● Given data
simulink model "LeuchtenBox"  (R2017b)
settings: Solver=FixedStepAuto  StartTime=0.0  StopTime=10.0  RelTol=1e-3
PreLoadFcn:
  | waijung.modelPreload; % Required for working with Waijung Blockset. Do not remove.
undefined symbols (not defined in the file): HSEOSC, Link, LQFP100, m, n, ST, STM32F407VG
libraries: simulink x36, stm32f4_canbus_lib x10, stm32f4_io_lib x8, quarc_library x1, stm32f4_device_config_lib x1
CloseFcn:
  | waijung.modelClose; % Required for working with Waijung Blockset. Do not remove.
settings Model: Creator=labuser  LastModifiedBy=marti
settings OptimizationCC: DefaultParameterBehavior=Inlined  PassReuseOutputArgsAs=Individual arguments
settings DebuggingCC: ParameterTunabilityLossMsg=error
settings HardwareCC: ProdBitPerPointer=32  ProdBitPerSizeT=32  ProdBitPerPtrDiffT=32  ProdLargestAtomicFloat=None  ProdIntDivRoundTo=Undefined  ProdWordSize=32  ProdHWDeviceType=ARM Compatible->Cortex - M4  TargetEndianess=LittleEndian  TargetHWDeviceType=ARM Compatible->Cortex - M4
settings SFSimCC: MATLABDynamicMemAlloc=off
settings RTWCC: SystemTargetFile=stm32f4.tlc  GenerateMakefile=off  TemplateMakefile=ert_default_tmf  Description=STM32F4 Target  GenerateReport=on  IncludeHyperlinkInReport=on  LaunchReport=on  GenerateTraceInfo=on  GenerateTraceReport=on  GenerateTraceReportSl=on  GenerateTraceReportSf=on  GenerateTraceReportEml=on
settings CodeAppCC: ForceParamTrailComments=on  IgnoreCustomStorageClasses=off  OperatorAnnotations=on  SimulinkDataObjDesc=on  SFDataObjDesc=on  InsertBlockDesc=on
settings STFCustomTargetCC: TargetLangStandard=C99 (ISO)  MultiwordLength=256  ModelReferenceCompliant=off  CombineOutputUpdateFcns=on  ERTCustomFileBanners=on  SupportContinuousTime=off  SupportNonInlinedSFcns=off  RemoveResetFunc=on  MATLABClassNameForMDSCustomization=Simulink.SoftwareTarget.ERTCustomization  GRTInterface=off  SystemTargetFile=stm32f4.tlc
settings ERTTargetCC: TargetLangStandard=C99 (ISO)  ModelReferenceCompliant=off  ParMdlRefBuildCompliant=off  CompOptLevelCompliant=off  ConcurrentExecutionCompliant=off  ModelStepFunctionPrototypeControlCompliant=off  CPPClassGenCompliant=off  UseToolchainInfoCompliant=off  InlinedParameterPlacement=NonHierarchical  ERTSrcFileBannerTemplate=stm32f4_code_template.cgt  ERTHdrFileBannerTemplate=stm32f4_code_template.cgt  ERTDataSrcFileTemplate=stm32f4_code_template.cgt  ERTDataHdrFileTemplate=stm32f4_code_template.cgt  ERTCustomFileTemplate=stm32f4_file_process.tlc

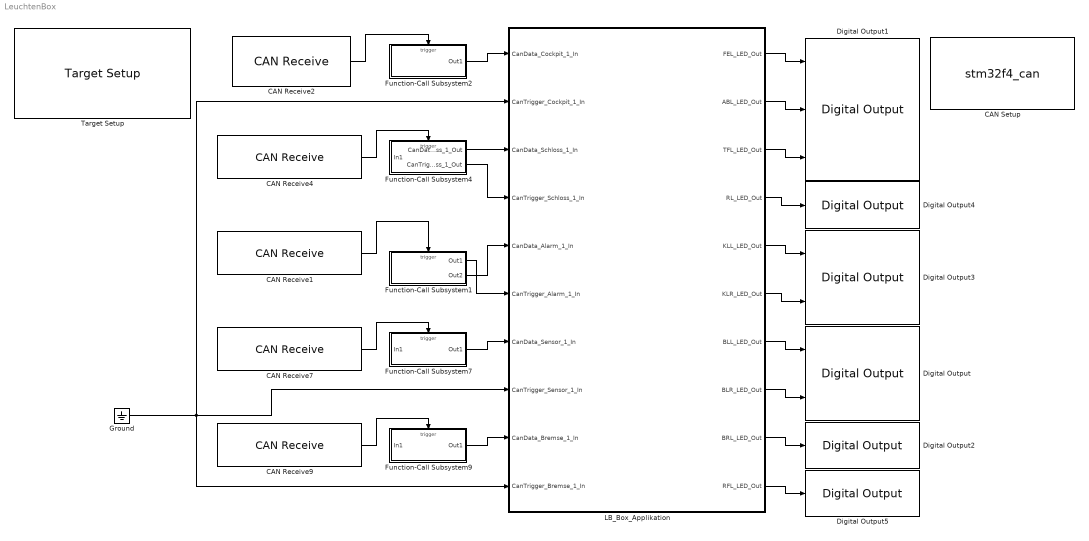
== system LeuchtenBox ==
  CAN Receive1 : stm32f4_canbus_lib/CAN Receive  conf=Rx  canmodule=1  idtype=Standard  filtertype=Specific  id=20  idmask=0  enableisr=on  usedlc=off  datatype=single  data0type=uint32  data1type=uint32  data2type=Not used  data3type=Not used  data4type=Not used  data5type=Not used  data6type=Not used  data7type=Not used  buffersize=8  sampletime=-1  sampletimestr=-1  blockid=CANReceive1  inputarray=[]  inputlabelarray={}  outputarray=[7]  outputlabelarray={'Call ISR' }  compat=0  confstr="[\"Standard\",\"Specific\",\"20\",\"0\",\"off\",\"uint32\",\"uint32\",\"Not used\",\"Not used\",\"Not used\",\"Not used\",\"Not used\",\"Not used\",\"8\",\"280\",\"0\",\"FFE0\",\"4\"]"
      settings: SourceProductName=Waijung Blockset
  CAN Receive2 : stm32f4_canbus_lib/CAN Receive  conf=Rx  canmodule=1  idtype=Standard  filtertype=Specific  id=14  idmask=0  enableisr=on  usedlc=off  datatype=single  data0type=uint32  data1type=uint32  data2type=Not used  data3type=Not used  data4type=Not used  data5type=Not used  data6type=Not used  data7type=Not used  buffersize=8  sampletime=-1  sampletimestr=-1  blockid=CANReceive2  inputarray=[]  inputlabelarray={}  outputarray=[7]  outputlabelarray={'Call ISR' }  compat=0  confstr="[\"Standard\",\"Specific\",\"14\",\"0\",\"off\",\"uint32\",\"uint32\",\"Not used\",\"Not used\",\"Not used\",\"Not used\",\"Not used\",\"Not used\",\"8\",\"1C0\",\"0\",\"FFE0\",\"4\"]"
      settings: SourceProductName=Waijung Blockset
  CAN Receive4 : stm32f4_canbus_lib/CAN Receive  conf=Rx  canmodule=1  idtype=Standard  filtertype=Specific  id=25  idmask=0  enableisr=on  usedlc=off  datatype=single  data0type=uint32  data1type=uint32  data2type=Not used  data3type=Not used  data4type=Not used  data5type=Not used  data6type=Not used  data7type=Not used  buffersize=8  sampletime=-1  sampletimestr=-1  blockid=CANReceive4  inputarray=[]  inputlabelarray={}  outputarray=[7]  outputlabelarray={'Call ISR' }  compat=0  confstr="[\"Standard\",\"Specific\",\"25\",\"0\",\"off\",\"uint32\",\"uint32\",\"Not used\",\"Not used\",\"Not used\",\"Not used\",\"Not used\",\"Not used\",\"8\",\"320\",\"0\",\"FFE0\",\"4\"]"
      settings: SourceProductName=Waijung Blockset
  CAN Receive7 : stm32f4_canbus_lib/CAN Receive  conf=Rx  canmodule=1  idtype=Standard  filtertype=Specific  id=21  idmask=0  enableisr=on  usedlc=off  datatype=single  data0type=uint32  data1type=uint32  data2type=Not used  data3type=Not used  data4type=Not used  data5type=Not used  data6type=Not used  data7type=Not used  buffersize=8  sampletime=-1  sampletimestr=-1  blockid=CANReceive7  inputarray=[]  inputlabelarray={}  outputarray=[7]  outputlabelarray={'Call ISR' }  compat=0  confstr="[\"Standard\",\"Specific\",\"21\",\"0\",\"off\",\"uint32\",\"uint32\",\"Not used\",\"Not used\",\"Not used\",\"Not used\",\"Not used\",\"Not used\",\"8\",\"2A0\",\"0\",\"FFE0\",\"4\"]"
      settings: SourceProductName=Waijung Blockset
  CAN Receive9 : stm32f4_canbus_lib/CAN Receive  conf=Rx  canmodule=1  idtype=Standard  filtertype=Specific  id=10  idmask=0  enableisr=on  usedlc=off  datatype=single  data0type=uint32  data1type=uint32  data2type=Not used  data3type=Not used  data4type=Not used  data5type=Not used  data6type=Not used  data7type=Not used  buffersize=8  sampletime=-1  sampletimestr=-1  blockid=CANReceive9  inputarray=[]  inputlabelarray={}  outputarray=[7]  outputlabelarray={'Call ISR' }  compat=0  confstr="[\"Standard\",\"Specific\",\"10\",\"0\",\"off\",\"uint32\",\"uint32\",\"Not used\",\"Not used\",\"Not used\",\"Not used\",\"Not used\",\"Not used\",\"8\",\"140\",\"0\",\"FFE0\",\"4\"]"
      settings: SourceProductName=Waijung Blockset
  CAN Setup : S-Function  FunctionName=stm32f4_can  Parameters=conf,canmodule,0,inputarray,outputarray,'','',confstr,sampletime,sampletimestr,blockid  SFunctionDeploymentMode=off  EnableBusSupport=off  mask(stm32f4_can){conf=Setup, canmodule=1, advance=off, bitrate_select=125000, sjw=1tq, bs1=14tq, bs2=6tq, timingconf=Prescaler, brp=16, bitrate=125000, tq=3.8095e-07, autoretransmission=Disable, remaptxpin=D1, remaprxpin=D0, sampletime=0.01, sampletimestr=-1, blockid=CANSetup, inputarray=[], inputlabelarray={}, outputarray=[], outputlabelarray={}, compat=0, confstr=["125000","16","D","1","D","0","1tq","14tq","6tq","ENABLE"], presc=16, txportstr=D, txpinstr=1, rxportstr=D, rxpinstr=0, lastmodule=1}
      mask prompts: conf "Configuration"; canmodule "CAN Module"; advance "Advance configuration"; bitrate_select "Baud rate (bps)"; sjw "Resync Jump Width (SJW)"; bs1 "Bit segment 1 (BS1) + PROP_SEG"; bs2 "Bit segment 2 (BS2)"; timingconf "Adjust"; brp "Baud rate prescaler (BRP)"; bitrate "Baud rate (bps)"; tq "Time Quantum (Second), tq"; autoretransmission "Auto Re-transmission"; remaptxpin "CAN Tx pin"; remaprxpin "CAN Rx pin"; sampletime "Sample time (sec)"; sampletimestr "Compiled sample time (sec) in string"; inputarray "Input port"; inputlabelarray "Input port label"; outputarray "Output port"; outputlabelarray "Output port label"; compat "Compatibility (Reserved for future use)"; confstr "Configuration String"; presc "Prescale"; txportstr "Tx port string"; txpinstr "Tx pin string"; rxportstr "Rx port string"; rxpinstr "Rx pin string"; lastmodule "Last module selected"
      mask help:
      | This block setups CAN Module.
      |
      | Auto Re-transmission,
      |  - Enable: The CAN hardware will automatically retransmit the message until it has been
      | successfully transmitted according to the CAN standard.
      |  - Disable: A message will be transmitted only once, independently of the transmission result
      | (successful, error or arbitration lost).
      mask init:
      | stm32f4_can_callback('init');
      mask Help: web(fullfile(waijungdocroot,'stm32f4_can_setup.htm'), '-browser')
      mask TypeOptions conf: Setup
      mask TypeOptions canmodule: 1 | 2
      mask Callback canmodule: stm32f4_can_callback('canmodule');
      mask Callback advance: stm32f4_can_callback('advance');
      mask TypeOptions bitrate_select: 125000 | 250000 | 500000 | 1000000
      mask Callback bitrate_select: stm32f4_can_callback('bitrate_select');
      mask TypeOptions sjw: 1tq | 2tq | 3tq | 4tq
      mask TypeOptions bs1: 1tq | 2tq | 3tq | 4tq | 5tq | 6tq | 7tq | 8tq | 9tq | 10tq | 11tq | 12tq | 13tq | 14tq | 15tq | 16tq
      mask Callback bs1: stm32f4_can_callback('timingconf');
      mask TypeOptions bs2: 1tq | 2tq | 3tq | 4tq | 5tq | 6tq | 7tq | 8tq
      mask Callback bs2: stm32f4_can_callback('timingconf');
      mask TypeOptions timingconf: Prescaler | Baudrate
      mask Callback timingconf: stm32f4_can_callback('timingconf');
      mask Callback brp: stm32f4_can_callback('timingconf');
      mask Callback bitrate: stm32f4_can_callback('timingconf');
      mask TypeOptions autoretransmission: Enable | Disable
      mask TypeOptions remaptxpin: Not used | A12 | B9 | D1
      mask Callback remaptxpin: stm32f4_can_callback('remaptxpin');
      mask TypeOptions remaprxpin: Not used | A11 | B8 | D0
      mask Callback remaprxpin: stm32f4_can_callback('remaprxpin');
      mask Callback sampletime: stm32f4_can_callback('sampletime');
      mask Callback sampletimestr: stm32f4_can_callback('sampletimestr');
      mask Callback blockid: stm32f4_can_callback('blockid');
      mask Display: text(0.5, 0.5, 'CAN1_Setup\nSpeed (bps): 125000\nTx/Rx pin: D1/D0','ver','middle','hor','center');
  Digital Output : stm32f4_io_lib/Digital Output  use_bitband=on  port=C  speed=100  porttype=Push Pull  porttypestr=PP  use_pin0=on  use_pin1=on  use_pin2=off  use_pin3=off  use_pin4=off  use_pin5=off  use_pin6=off  use_pin7=off  use_pin8=off  use_pin9=off  use_pin10=off  use_pin11=off  use_pin12=off  use_pin13=off  use_pin14=off  use_pin15=off  pinstr=GPIO_Pin_0 | GPIO_Pin_1  usedpinarray="[1  1  0  0  0  0  0  0  0  0  0  0  0  0  0  0]"  bitbandingstr=|  sampletime=-1  sampletimestr=-1  blockid=DigitalOutput  enablecustomportlabel=off  globalinit=off  cinputportlabel=In1, In2  coutputportlabel=0
      | #define DigitalOutput_C0 Peripheral_BB(GPIOC->ODR, 0)  /* Output pin */
      | #define DigitalOutput_C1 Peripheral_BB(GPIOC->ODR, 1)  /* Output pin */
      settings: SourceProductName=Waijung Blockset
  Digital Output1 : stm32f4_io_lib/Digital Output  use_bitband=on  port=C  speed=100  porttype=Push Pull  porttypestr=PP  use_pin0=off  use_pin1=off  use_pin2=on  use_pin3=on  use_pin4=on  use_pin5=off  use_pin6=off  use_pin7=off  use_pin8=off  use_pin9=off  use_pin10=off  use_pin11=off  use_pin12=off  use_pin13=off  use_pin14=off  use_pin15=off  pinstr=GPIO_Pin_2 | GPIO_Pin_3 | GPIO_Pin_4  usedpinarray="[0  0  1  1  1  0  0  0  0  0  0  0  0  0  0  0]"  bitbandingstr=|  sampletime=-1  sampletimestr=-1  blockid=DigitalOutput1  enablecustomportlabel=off  globalinit=off  cinputportlabel=In1, In2  coutputportlabel=0
      | #define DigitalOutput1_C2 Peripheral_BB(GPIOC->ODR, 2)  /* Output pin */
      | #define DigitalOutput1_C3 Peripheral_BB(GPIOC->ODR, 3)  /* Output pin */
      | #define DigitalOutput1_C4 Peripheral_BB(GPIOC->ODR, 4)  /* Output pin */
      settings: SourceProductName=Waijung Blockset
  Digital Output2 : stm32f4_io_lib/Digital Output  use_bitband=on  port=C  speed=100  porttype=Push Pull  porttypestr=PP  use_pin0=off  use_pin1=off  use_pin2=off  use_pin3=off  use_pin4=off  use_pin5=on  use_pin6=off  use_pin7=off  use_pin8=off  use_pin9=off  use_pin10=off  use_pin11=off  use_pin12=off  use_pin13=off  use_pin14=off  use_pin15=off  pinstr=GPIO_Pin_5  usedpinarray="[0  0  0  0  0  1  0  0  0  0  0  0  0  0  0  0]"  bitbandingstr="#define DigitalOutput2_C5 Peripheral_BB(GPIOC->ODR, 5)  /* Output pin */"  sampletime=-1  sampletimestr=-1  blockid=DigitalOutput2  enablecustomportlabel=off  globalinit=off  cinputportlabel=In1, In2  coutputportlabel=0
      settings: SourceProductName=Waijung Blockset
  Digital Output3 : stm32f4_io_lib/Digital Output  use_bitband=on  port=C  speed=100  porttype=Push Pull  porttypestr=PP  use_pin0=off  use_pin1=off  use_pin2=off  use_pin3=off  use_pin4=off  use_pin5=off  use_pin6=off  use_pin7=on  use_pin8=off  use_pin9=on  use_pin10=off  use_pin11=off  use_pin12=off  use_pin13=off  use_pin14=off  use_pin15=off  pinstr=GPIO_Pin_7 | GPIO_Pin_9  usedpinarray="[0  0  0  0  0  0  0  1  0  1  0  0  0  0  0  0]"  bitbandingstr=|  sampletime=-1  sampletimestr=-1  blockid=DigitalOutput3  enablecustomportlabel=off  globalinit=off  cinputportlabel=In1, In2  coutputportlabel=0
      | #define DigitalOutput3_C7 Peripheral_BB(GPIOC->ODR, 7)  /* Output pin */
      | #define DigitalOutput3_C9 Peripheral_BB(GPIOC->ODR, 9)  /* Output pin */
      settings: SourceProductName=Waijung Blockset
  Digital Output4 : stm32f4_io_lib/Digital Output  use_bitband=on  port=C  speed=100  porttype=Push Pull  porttypestr=PP  use_pin0=off  use_pin1=off  use_pin2=off  use_pin3=off  use_pin4=off  use_pin5=off  use_pin6=off  use_pin7=off  use_pin8=on  use_pin9=off  use_pin10=off  use_pin11=off  use_pin12=off  use_pin13=off  use_pin14=off  use_pin15=off  pinstr=GPIO_Pin_8  usedpinarray="[0  0  0  0  0  0  0  0  1  0  0  0  0  0  0  0]"  bitbandingstr="#define DigitalOutput4_C8 Peripheral_BB(GPIOC->ODR, 8)  /* Output pin */"  sampletime=-1  sampletimestr=-1  blockid=DigitalOutput4  enablecustomportlabel=off  globalinit=off  cinputportlabel=In1, In2  coutputportlabel=0
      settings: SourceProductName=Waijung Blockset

● What you are asked to do
Above are the records; repeat exactly the lines from the one holding "mask TypeOptions bs2: 1tq" down to the one holding "Digital Output : stm32f4_io_lib/Digital", end lines included.

● Answer for the task
      mask TypeOptions bs2: 1tq | 2tq | 3tq | 4tq | 5tq | 6tq | 7tq | 8tq
      mask Callback bs2: stm32f4_can_callback('timingconf');
      mask TypeOptions timingconf: Prescaler | Baudrate
      mask Callback timingconf: stm32f4_can_callback('timingconf');
      mask Callback brp: stm32f4_can_callback('timingconf');
      mask Callback bitrate: stm32f4_can_callback('timingconf');
      mask TypeOptions autoretransmission: Enable | Disable
      mask TypeOptions remaptxpin: Not used | A12 | B9 | D1
      mask Callback remaptxpin: stm32f4_can_callback('remaptxpin');
      mask TypeOptions remaprxpin: Not used | A11 | B8 | D0
      mask Callback remaprxpin: stm32f4_can_callback('remaprxpin');
      mask Callback sampletime: stm32f4_can_callback('sampletime');
      mask Callback sampletimestr: stm32f4_can_callback('sampletimestr');
      mask Callback blockid: stm32f4_can_callback('blockid');
      mask Display: text(0.5, 0.5, 'CAN1_Setup\nSpeed (bps): 125000\nTx/Rx pin: D1/D0','ver','middle','hor','center');
  Digital Output : stm32f4_io_lib/Digital Output  use_bitband=on  port=C  speed=100  porttype=Push Pull  porttypestr=PP  use_pin0=on  use_pin1=on  use_pin2=off  use_pin3=off  use_pin4=off  use_pin5=off  use_pin6=off  use_pin7=off  use_pin8=off  use_pin9=off  use_pin10=off  use_pin11=off  use_pin12=off  use_pin13=off  use_pin14=off  use_pin15=off  pinstr=GPIO_Pin_0 | GPIO_Pin_1  usedpinarray="[1  1  0  0  0  0  0  0  0  0  0  0  0  0  0  0]"  bitbandingstr=|  sampletime=-1  sampletimestr=-1  blockid=DigitalOutput  enablecustomportlabel=off  globalinit=off  cinputportlabel=In1, In2  coutputportlabel=0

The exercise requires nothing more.